Calcium Ion Implicitly Modulates the Adsorption Ability of Ion-Dependent Type II Antifreeze Proteins on Ice/Water Interface: A Structural Insight

Ion dependent type II antifreeze proteins (AFPs) are unusual design of natural evolution for cold-acclimatization of fishes in Antarctic region. This class of protein requires Ca2+ to perform an unusual biological recognition, binding to specific ice plane. However, the ice-protein complex is yet to be characterized at molecular-scale. Here, using equilibrium simulations, free energy calculation and metadynamics, we have elucidated this unusual ice recognition phenomenon at atomistic level.
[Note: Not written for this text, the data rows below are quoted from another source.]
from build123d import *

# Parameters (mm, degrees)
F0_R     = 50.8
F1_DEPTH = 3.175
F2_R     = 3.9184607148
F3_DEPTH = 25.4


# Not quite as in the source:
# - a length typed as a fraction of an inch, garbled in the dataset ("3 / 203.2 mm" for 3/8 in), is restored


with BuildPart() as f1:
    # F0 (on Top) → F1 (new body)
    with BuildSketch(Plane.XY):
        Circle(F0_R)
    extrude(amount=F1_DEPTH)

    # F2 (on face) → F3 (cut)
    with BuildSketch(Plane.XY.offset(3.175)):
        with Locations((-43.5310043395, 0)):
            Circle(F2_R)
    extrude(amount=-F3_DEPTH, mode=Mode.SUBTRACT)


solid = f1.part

Origin of ion selectivity has been critically investigated to identify the role of different ions on the dynamics and ice binding ability of the protein. We have demonstrated that within type II protein matrix, the preferred coordination number of Ca2+ is seven involving five protein atoms and two water molecules. Due to this coordination geometry, the ion binding loop adopts a flat solvent exposed conformation which helps the AFP to efficiently adsorb on prism plane. The ice binding surface (IBS) adsorbs on the ice surface mediated by a layer of ordered water. Structural synergy between the ice/water interface of prism plane and water structure around the IBS makes the adsorption highly favorable. On the other hand, the preferred geometry of the Zn2+ coordination sphere within the AFP matrix is tetrahedral. The numbers of the coordination as well as the coordination bond lengths both are smaller for Zn2+ in comparison to Ca2+. Thus to optimize the coordination sphere for Zn2+ within the protein matrix, a kink is introduced in the ion binding loop, a part of the IBS. Therefore, the IBS and ice surface complementarity is greatly perturbed which leads to less effective adsorption.